#### Prompt:
Could you set down exactly the lines in the records below between the line holding "switch to q4 : Subsystem" and the line holding "Subsystem/1(inertial force) -> [fI]", inclusive?
[Opening Data section section]
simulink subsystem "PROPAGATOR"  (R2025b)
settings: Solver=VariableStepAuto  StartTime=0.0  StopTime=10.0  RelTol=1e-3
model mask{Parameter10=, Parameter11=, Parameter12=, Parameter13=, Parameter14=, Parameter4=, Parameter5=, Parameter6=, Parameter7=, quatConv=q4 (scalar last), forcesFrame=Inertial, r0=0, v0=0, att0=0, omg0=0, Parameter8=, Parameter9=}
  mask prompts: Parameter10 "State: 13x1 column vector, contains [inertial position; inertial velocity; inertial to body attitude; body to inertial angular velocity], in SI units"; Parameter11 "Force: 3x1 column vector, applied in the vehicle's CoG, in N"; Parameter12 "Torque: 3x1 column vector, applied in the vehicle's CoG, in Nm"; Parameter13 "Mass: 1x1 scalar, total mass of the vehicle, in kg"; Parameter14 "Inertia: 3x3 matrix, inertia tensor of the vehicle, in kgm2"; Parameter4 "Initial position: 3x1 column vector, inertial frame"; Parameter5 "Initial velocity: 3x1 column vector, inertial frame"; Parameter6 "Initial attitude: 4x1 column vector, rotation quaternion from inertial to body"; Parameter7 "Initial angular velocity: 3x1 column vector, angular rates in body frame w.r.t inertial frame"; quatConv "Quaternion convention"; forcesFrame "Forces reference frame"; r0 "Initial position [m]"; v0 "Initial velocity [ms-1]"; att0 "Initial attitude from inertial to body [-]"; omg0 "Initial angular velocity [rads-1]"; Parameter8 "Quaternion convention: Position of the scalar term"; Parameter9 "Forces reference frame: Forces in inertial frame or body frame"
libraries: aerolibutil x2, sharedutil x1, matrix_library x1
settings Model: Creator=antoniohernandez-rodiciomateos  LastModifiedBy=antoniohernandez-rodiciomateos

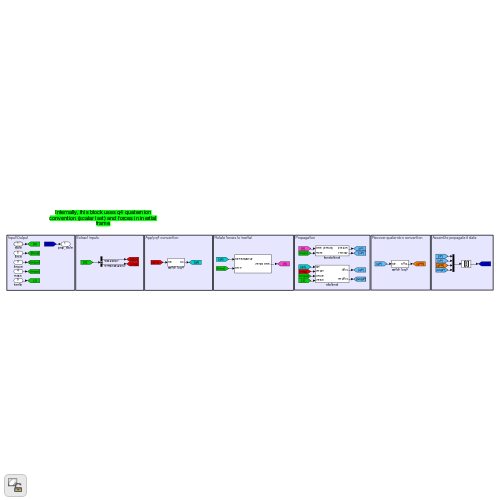
[thumbnail: Simulink's stored preview of the top-level diagram]
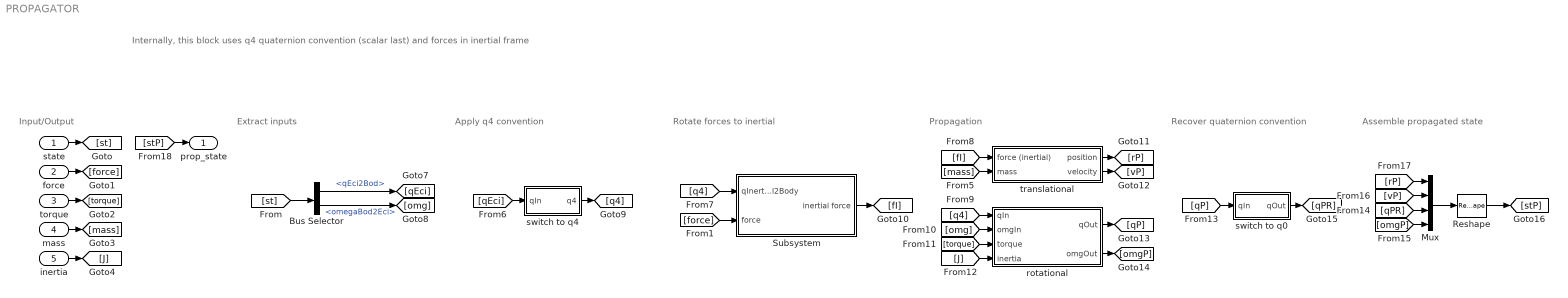
== system PROPAGATOR ==
  note: Input/Output
  note: Internally, this block uses q4 quaternion convention (scalar last) and forces in inertial frame
  note: Extract inputs
  note: Apply q4 convention
  note: Rotate forces to inertial
  note: Propagation
  note: Recover quaternion convention
  note: Assemble propagated state
  state : Inport  OutDataTypeStr=Bus: state_bus  PortDimensions=[13 1]
  force : Inport  Port=2  PortDimensions=[3 1]
  torque : Inport  Port=3  PortDimensions=[3 1]
  mass : Inport  Port=4  PortDimensions=[1 1]
  inertia : Inport  Port=5  PortDimensions=[3 3]
  Bus Selector : BusSelector  OutputSignals=qEci2Bod,omegaBod2Eci
  Mux : Mux
  Reshape : Reshape  OutputDimensionality=Column vector (2-D)
  Subsystem : Subsystem
  rotational : Subsystem
  switch to q0 : Subsystem
  switch to q4 : Subsystem
  translational : Subsystem
  prop_state : Outport  PortDimensions=[13 1]
  wires:
  state/1 -> [st]
  force/1 -> [force]
  torque/1 -> [torque]
  inertia/1 -> [J]
  mass/1 -> [mass]
  [st] -> Bus Selector/1
  Bus Selector/1 -> [qEci]  "<qEci2Bod>"
  Bus Selector/2 -> [omg]  "<omegaBod2Eci>"
  [q4] -> Subsystem/1(qInertial2Body)
  [force] -> Subsystem/2(force)
  [mass] -> translational/2(mass)
  Subsystem/1(inertial force) -> [fI]
  [fI] -> translational/1(force (inertial))
  [q4] -> rotational/1(qIn)
  [omg] -> rotational/2(omgIn)
  [torque] -> rotational/3(torque)
  [J] -> rotational/4(inertia)
  translational/1(position) -> [rP]
  translational/2(velocity) -> [vP]
  rotational/1(qOut) -> [qP]
  rotational/2(omgOut) -> [omgP]
  [qEci] -> switch to q4/1(qIn)
  switch to q4/1(q4) -> [q4]
  [qP] -> switch to q0/1(qIn)
  switch to q0/1(qOut) -> [qPR]
  [qPR] -> Mux/3
  [omgP] -> Mux/4
  [vP] -> Mux/2
  [rP] -> Mux/1
  [stP] -> prop_state/1
  Mux/1 -> Reshape/1
  Reshape/1 -> [stP]

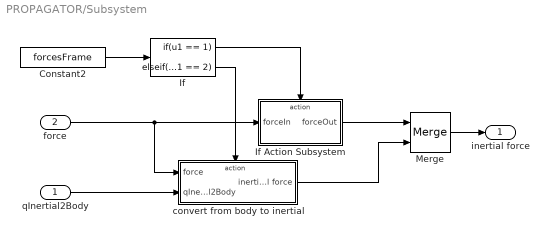
== system PROPAGATOR/Subsystem ==
  qInertial2Body : Inport  PortDimensions=[4 1]
  force : Inport  Port=2  PortDimensions=[3 1]
  Constant2 : Constant  Value=forcesFrame
  If : If  IfExpression=u1 == 1  ElseIfExpressions=u1 == 2  ShowElse=off
  If Action Subsystem : Subsystem  TreatAsAtomicUnit=on
  Merge : Merge
  convert from body to inertial : Subsystem  TreatAsAtomicUnit=on
  inertial force : Outport  PortDimensions=[3 1]
  wires:
  convert from body to inertial/1(inertial force) -> Merge/2
  If/1 -> If Action Subsystem/Action
  If Action Subsystem/1(forceOut) -> Merge/1
  force/1 -> convert from body to inertial/1(force), If Action Subsystem/1(forceIn)
  If/2 -> convert from body to inertial/Action
  Constant2/1 -> If/1
  Merge/1 -> inertial force/1
  qInertial2Body/1 -> convert from body to inertial/2(qInertial2Body)

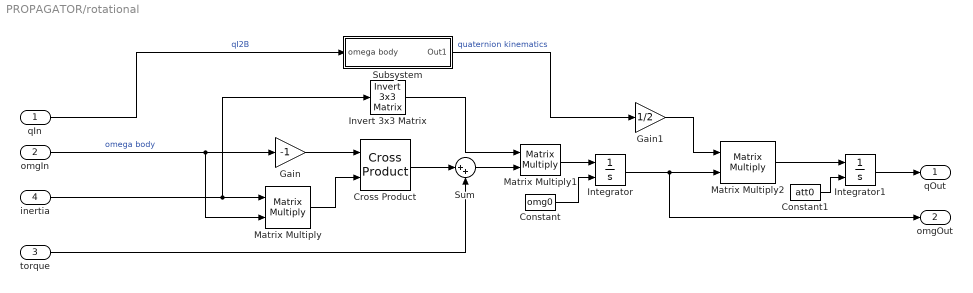
== system PROPAGATOR/rotational ==
  qIn : Inport  PortDimensions=[4 1]
  omgIn : Inport  Port=2  PortDimensions=[3 1]
  torque : Inport  Port=3  PortDimensions=[3 1]
  inertia : Inport  Port=4  PortDimensions=[3 3]
  Constant : Constant  Value=omg0
  Constant1 : Constant  Value=att0
  Cross Product : matrix_library/Cross Product
  Gain : Gain  Gain=-1
  Gain1 : Gain  Gain=1/2
  Integrator : Integrator  InitialConditionSource=external
  Integrator1 : Integrator  InitialConditionSource=external
  Invert 3x3 Matrix : aerolibutil/Invert  3x3 Matrix
  Matrix Multiply : Product  Multiplication=Matrix(*)
  Matrix Multiply1 : Product  Multiplication=Matrix(*)
  Matrix Multiply2 : Product  Multiplication=Matrix(*)
  Subsystem : Subsystem
  Sum : Sum  Inputs=|++
  qOut : Outport  PortDimensions=[4 1]
  omgOut : Outport  Port=2  PortDimensions=[3 1]
  wires:
  inertia/1 -> Invert 3x3 Matrix/1, Matrix Multiply/1
  Matrix Multiply/1 -> Cross Product/2
  omgIn/1 -> Gain/1, Matrix Multiply/2  "omega body"
  Gain/1 -> Cross Product/1
  Cross Product/1 -> Sum/1
  torque/1 -> Sum/2
  Sum/1 -> Matrix Multiply1/2
  Invert 3x3 Matrix/1 -> Matrix Multiply1/1
  Matrix Multiply1/1 -> Integrator/1
  Constant/1 -> Integrator/2
  qIn/1 -> Subsystem/1(omega body)  "qI2B"
  Subsystem/1(Out1) -> Gain1/1  "quaternion kinematics"
  Gain1/1 -> Matrix Multiply2/1
  Integrator/1 -> omgOut/1, Matrix Multiply2/2
  Integrator1/1 -> qOut/1
  Matrix Multiply2/1 -> Integrator1/1
  Constant1/1 -> Integrator1/2

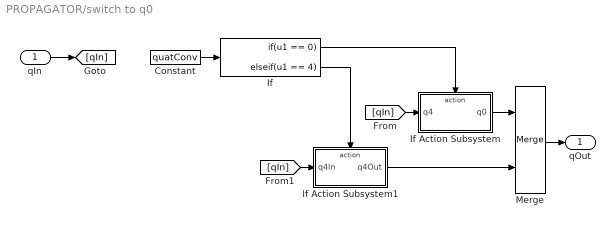
== system PROPAGATOR/switch to q0 ==
  qIn : Inport  PortDimensions=[4 1]
  Constant : Constant  Value=quatConv
  If : If  IfExpression=u1 == 0  ElseIfExpressions=u1 == 4  ShowElse=off
  If Action Subsystem : Subsystem  TreatAsAtomicUnit=on
  If Action Subsystem1 : Subsystem  TreatAsAtomicUnit=on
  Merge : Merge
  qOut : Outport  PortDimensions=[4 1]
  wires:
  If/1 -> If Action Subsystem/Action
  Merge/1 -> qOut/1
  Constant/1 -> If/1
  [qIn] -> If Action Subsystem/1(q4)
  If Action Subsystem1/1(q4Out) -> Merge/2
  [qIn] -> If Action Subsystem1/1(q4In)
  If Action Subsystem/1(q0) -> Merge/1
  If/2 -> If Action Subsystem1/Action
  qIn/1 -> [qIn]

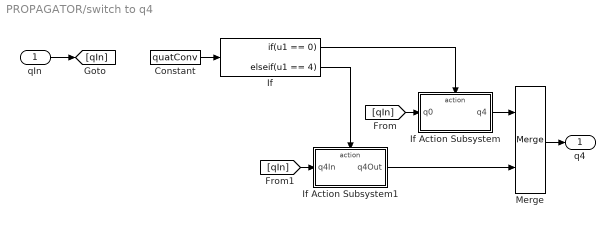
== system PROPAGATOR/switch to q4 ==
  qIn : Inport  PortDimensions=[4 1]
  Constant : Constant  Value=quatConv
  If : If  IfExpression=u1 == 0  ElseIfExpressions=u1 == 4  ShowElse=off
  If Action Subsystem : Subsystem  TreatAsAtomicUnit=on
  If Action Subsystem1 : Subsystem  TreatAsAtomicUnit=on
  Merge : Merge
  q4 : Outport  PortDimensions=[4 1]
  wires:
  If/1 -> If Action Subsystem/Action
  Merge/1 -> q4/1
  Constant/1 -> If/1
  [qIn] -> If Action Subsystem/1(q0)
  If Action Subsystem1/1(q4Out) -> Merge/2
  [qIn] -> If Action Subsystem1/1(q4In)
  If Action Subsystem/1(q4) -> Merge/1
  If/2 -> If Action Subsystem1/Action
  qIn/1 -> [qIn]

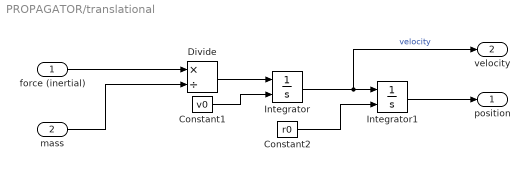
== system PROPAGATOR/translational ==
  force (inertial) : Inport  PortDimensions=[3 1]
  mass : Inport  Port=2  PortDimensions=[1 1]
  Constant1 : Constant  Value=v0
  Constant2 : Constant  Value=r0
  Divide : Product  Inputs=*/
  Integrator : Integrator  InitialConditionSource=external
  Integrator1 : Integrator  InitialConditionSource=external
  position : Outport  PortDimensions=[3 1]
  velocity : Outport  Port=2  PortDimensions=[3 1]
  wires:
  mass/1 -> Divide/2
  Constant1/1 -> Integrator/2
  Constant2/1 -> Integrator1/2
  Divide/1 -> Integrator/1
  Integrator1/1 -> position/1
  force (inertial)/1 -> Divide/1
  Integrator/1 -> velocity/1, Integrator1/1  "velocity"

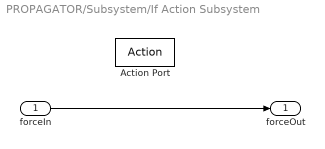
== system PROPAGATOR/Subsystem/If Action Subsystem ==
  forceIn : Inport  PortDimensions=[3 1]
  Action Port : ActionPort
  forceOut : Outport  PortDimensions=[3 1]
  wires:
  forceIn/1 -> forceOut/1

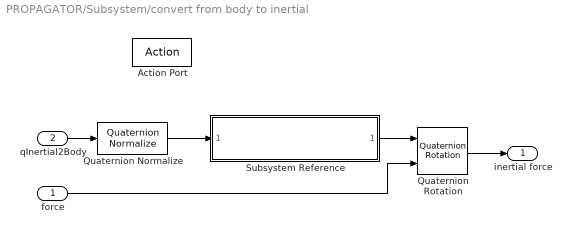
== system PROPAGATOR/Subsystem/convert from body to inertial ==
  force : Inport
  qInertial2Body : Inport  Port=2
  Action Port : ActionPort
  Quaternion Normalize : sharedutil/Quaternion Normalize  aMode=aMode
  Quaternion Rotation : aerolibutil/Quaternion Rotation
  Subsystem Reference : Subsystem  ReferencedSubsystem=quatConventionConverter  conversion=q4 to q0
  inertial force : Outport
  wires:
  force/1 -> Quaternion Rotation/2
  qInertial2Body/1 -> Quaternion Normalize/1
  Quaternion Normalize/1 -> Subsystem Reference/1
  Subsystem Reference/1 -> Quaternion Rotation/1
  Quaternion Rotation/1 -> inertial force/1

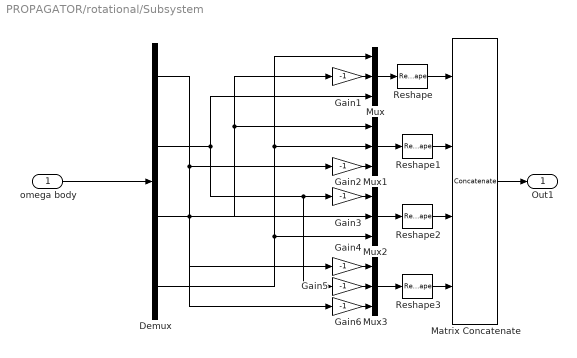
== system PROPAGATOR/rotational/Subsystem ==
  omega body : Inport  PortDimensions=[4 1]
  Demux : Demux
  Gain{1..6} (6 alike) : Gain  Gain=-1
  Matrix Concatenate : Concatenate  NumInputs=4  Mode=Multidimensional array
  Mux{,1..3} (4 alike) : Mux  Inputs=3
  Reshape{,1..3} (4 alike) : Reshape  OutputDimensionality=Row vector (2-D)
  Out1 : Outport  PortDimensions=[4 3]
  wires:
  omega body/1 -> Demux/1
  Mux/1 -> Reshape/1
  Reshape1/1 -> Matrix Concatenate/2
  Mux3/1 -> Reshape3/1
  Matrix Concatenate/1 -> Out1/1
  Reshape2/1 -> Matrix Concatenate/3
  Gain2/1 -> Mux1/3
  Gain5/1 -> Mux3/2
  Reshape3/1 -> Matrix Concatenate/4
  Mux2/1 -> Reshape2/1
  Demux/2 -> Gain5/1, Gain3/1, Mux/3
  Gain3/1 -> Mux2/1
  Demux/4 -> Mux2/3, Mux1/2, Mux/1
  Gain4/1 -> Mux3/1
  Mux1/1 -> Reshape1/1
  Gain1/1 -> Mux/2
  Gain6/1 -> Mux3/3
  Demux/1 -> Gain4/1, Mux2/2, Gain2/1
  Reshape/1 -> Matrix Concatenate/1
  Demux/3 -> Gain6/1, Mux1/1, Gain1/1

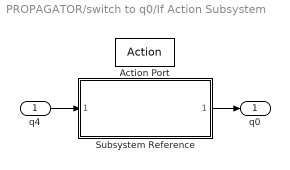
== system PROPAGATOR/switch to q0/If Action Subsystem ==
  q4 : Inport
  Action Port : ActionPort
  Subsystem Reference : Subsystem  ReferencedSubsystem=quatConventionConverter  conversion=q4 to q0
  q0 : Outport
  wires:
  q4/1 -> Subsystem Reference/1
  Subsystem Reference/1 -> q0/1

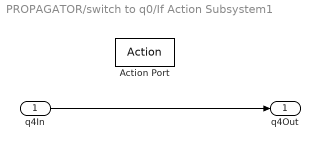
== system PROPAGATOR/switch to q0/If Action Subsystem1 ==
  q4In : Inport
  Action Port : ActionPort
  q4Out : Outport
  wires:
  q4In/1 -> q4Out/1

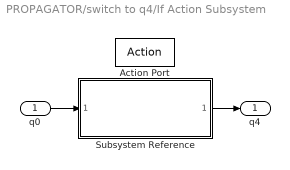
== system PROPAGATOR/switch to q4/If Action Subsystem ==
  q0 : Inport
  Action Port : ActionPort
  Subsystem Reference : Subsystem  ReferencedSubsystem=quatConventionConverter  conversion=q0 to q4
  q4 : Outport
  wires:
  q0/1 -> Subsystem Reference/1
  Subsystem Reference/1 -> q4/1

== system PROPAGATOR/switch to q4/If Action Subsystem1 ==
  q4In : Inport
  Action Port : ActionPort
  q4Out : Outport
  wires:
  q4In/1 -> q4Out/1
[Closing Data section section]
#### Exercise answer:
  switch to q4 : Subsystem
  translational : Subsystem
  prop_state : Outport  PortDimensions=[13 1]
  wires:
  state/1 -> [st]
  force/1 -> [force]
  torque/1 -> [torque]
  inertia/1 -> [J]
  mass/1 -> [mass]
  [st] -> Bus Selector/1
  Bus Selector/1 -> [qEci]  "<qEci2Bod>"
  Bus Selector/2 -> [omg]  "<omegaBod2Eci>"
  [q4] -> Subsystem/1(qInertial2Body)
  [force] -> Subsystem/2(force)
  [mass] -> translational/2(mass)
  Subsystem/1(inertial force) -> [fI]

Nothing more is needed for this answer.